Bazen kendimden şüpheleniyorum. Bütün havacılık sektöründen de şüpheleniyorum. Acaba hepimiz aptalız da bir tek Temel Kotil mi akıllı diye düşünüyorum. Bu kaçıncı gaftır, bu kaçıncı düşünmeden konuşmadır ve bu kaçıncı küçük düşürmedir THY'yi?
Eminim, hatta adım kadar eminim. Terlik konusundan beri bana beslediği küskünlüğü kindarlığa dönüştürecek. Neden biliyor musunuz? Ben onun çevresindekiler gibi onu okşayıcı sözler söylemeyeceğim. Onun hoşuna gidecek sorular sorup methiyeler düzmeyeceğim.
"Dost acı söyler" derler. Ben öyle demiyorum.
"Dost; dosdoğru söyler" diyorum.
Bekleme be Temel Bey benden öyle afilli sözler. Ben dosdoğruyum. Yüreğimden geçtiği gibi söylerim ve yazarım.
Siz terlik giyeli çok oldu. Bunu bir gaf olarak görmemiştim. Bir hata olarak görmüştüm. Niye biliyor musunuz? THY gibi kurumsal bir şirketin genel müdürünün VIP gibi özel bir alandan geçmesini, üstelik kendi personelinin gözü önünden geçerek; onlara kötü olmasından dolayı hata olarak görmüştüm.
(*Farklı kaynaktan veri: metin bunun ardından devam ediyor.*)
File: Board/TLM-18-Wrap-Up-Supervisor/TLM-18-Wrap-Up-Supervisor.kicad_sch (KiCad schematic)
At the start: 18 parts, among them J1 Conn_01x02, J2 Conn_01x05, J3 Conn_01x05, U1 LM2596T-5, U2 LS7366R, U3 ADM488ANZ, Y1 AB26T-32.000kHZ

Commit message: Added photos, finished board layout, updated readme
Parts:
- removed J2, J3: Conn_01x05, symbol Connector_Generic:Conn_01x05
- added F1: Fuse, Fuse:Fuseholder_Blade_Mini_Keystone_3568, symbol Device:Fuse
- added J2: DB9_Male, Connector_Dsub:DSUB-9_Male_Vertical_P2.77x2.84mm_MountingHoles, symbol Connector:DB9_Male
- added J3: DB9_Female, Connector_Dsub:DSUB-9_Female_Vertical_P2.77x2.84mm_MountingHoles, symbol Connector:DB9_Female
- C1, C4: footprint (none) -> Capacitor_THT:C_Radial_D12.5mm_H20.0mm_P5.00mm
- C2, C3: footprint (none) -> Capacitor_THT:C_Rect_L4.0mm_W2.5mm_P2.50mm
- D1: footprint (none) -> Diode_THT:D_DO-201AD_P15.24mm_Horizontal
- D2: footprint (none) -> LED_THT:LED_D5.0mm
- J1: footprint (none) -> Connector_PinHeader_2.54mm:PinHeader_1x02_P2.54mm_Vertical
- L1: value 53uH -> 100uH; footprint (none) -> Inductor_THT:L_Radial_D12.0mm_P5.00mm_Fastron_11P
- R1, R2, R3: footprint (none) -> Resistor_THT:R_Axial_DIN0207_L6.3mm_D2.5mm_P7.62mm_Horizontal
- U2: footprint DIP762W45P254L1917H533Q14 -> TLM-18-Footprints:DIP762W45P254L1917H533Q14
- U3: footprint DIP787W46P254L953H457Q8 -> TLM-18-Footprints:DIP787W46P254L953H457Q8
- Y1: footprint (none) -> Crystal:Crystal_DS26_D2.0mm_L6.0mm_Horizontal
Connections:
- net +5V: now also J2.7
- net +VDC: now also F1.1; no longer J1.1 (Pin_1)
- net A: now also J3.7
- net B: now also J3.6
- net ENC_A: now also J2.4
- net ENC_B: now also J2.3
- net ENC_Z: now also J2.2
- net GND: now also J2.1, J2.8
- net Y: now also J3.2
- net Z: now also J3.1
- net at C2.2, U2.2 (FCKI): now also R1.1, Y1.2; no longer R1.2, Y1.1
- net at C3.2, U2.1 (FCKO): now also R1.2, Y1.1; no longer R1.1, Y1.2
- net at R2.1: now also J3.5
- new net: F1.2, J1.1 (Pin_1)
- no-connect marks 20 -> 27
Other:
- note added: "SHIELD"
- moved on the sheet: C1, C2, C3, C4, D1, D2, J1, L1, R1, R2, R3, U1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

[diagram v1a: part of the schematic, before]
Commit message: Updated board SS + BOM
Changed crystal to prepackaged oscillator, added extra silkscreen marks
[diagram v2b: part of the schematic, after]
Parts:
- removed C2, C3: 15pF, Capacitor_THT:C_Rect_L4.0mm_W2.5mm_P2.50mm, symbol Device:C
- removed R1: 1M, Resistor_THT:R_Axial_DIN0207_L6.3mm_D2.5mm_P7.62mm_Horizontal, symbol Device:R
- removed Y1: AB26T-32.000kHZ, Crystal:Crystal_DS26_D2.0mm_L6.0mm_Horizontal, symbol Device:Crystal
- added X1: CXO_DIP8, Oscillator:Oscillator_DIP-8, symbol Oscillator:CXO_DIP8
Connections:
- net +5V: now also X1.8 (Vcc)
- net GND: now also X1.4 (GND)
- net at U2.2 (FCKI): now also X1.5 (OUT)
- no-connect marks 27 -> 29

Bir diğer konu; Ebola Virüsü.
Hatırlar mısınız "Ebola Virüsü" için. "Tehlikeli değil ama bulaşırsa ölümcü olur" demiştiniz. İşte sizin gibi bir profesyonele yakıştıramadım. Ölümcül olan her şeyin tehlikeli olduğunu hepimizden daha çok sizin haykırmanız gerekirken maalesef büyük gaf ile kendinizi gülünç duruma düşürmüştünüz.
Malum, Türkiye'nin meşgul olduğu meselelerden bahsetmeyeceğim bile. Ama siz anladınız onu. Ve ben adım kadar eminim ki siz onunla çok şeyler paylaştınız ve hasbihal oldunuz. Ama o konuya gözlerimi kapattım, kulaklarımı da tıkadım. Ağzıma da kilit vurdum. İt izinin at izine karıştığı bu dönemde fazlaca söze gerek olmadığını düşünerek bir başka bilinmeyen yönünü, özellikle THY çalışanların ile paylaşmak istiyorum.
İyi dinleyin.
Bunu söylemedim derseniz, inandığınız bütün değerler sizi çarpar. Hak adına yazıyorum ki; ben bu iddiayı çok kişiden duydum. Ama maalesef yazmamak için çok direndim.
Şimdi sırası ve "cuk" oturduğu için yazmak gerekiğine inandım. Evet; Temel Kotil, THY'nin koca genel müdürü maalesef pilotlardan kendine yakın olanları hafiye gibi kullanıyor. Bir nevi onlara ajanlık yaptırıyor. Bazı pilotların da bu duruma tepki göstererek Kotil'in "Sen benim gözüm kulağım olacaksın. Kokpitte, kabinde ne olursa bana haber vereceksin" talimatını nazikçe geri çevirdiğini biliyorum.
Bir genel müdürün hafiye tutmasını değil, görevini harfiyen yerine getirmesini isterdim. Yapacak bir şey yok. Bu da Temel Kotil tarzı.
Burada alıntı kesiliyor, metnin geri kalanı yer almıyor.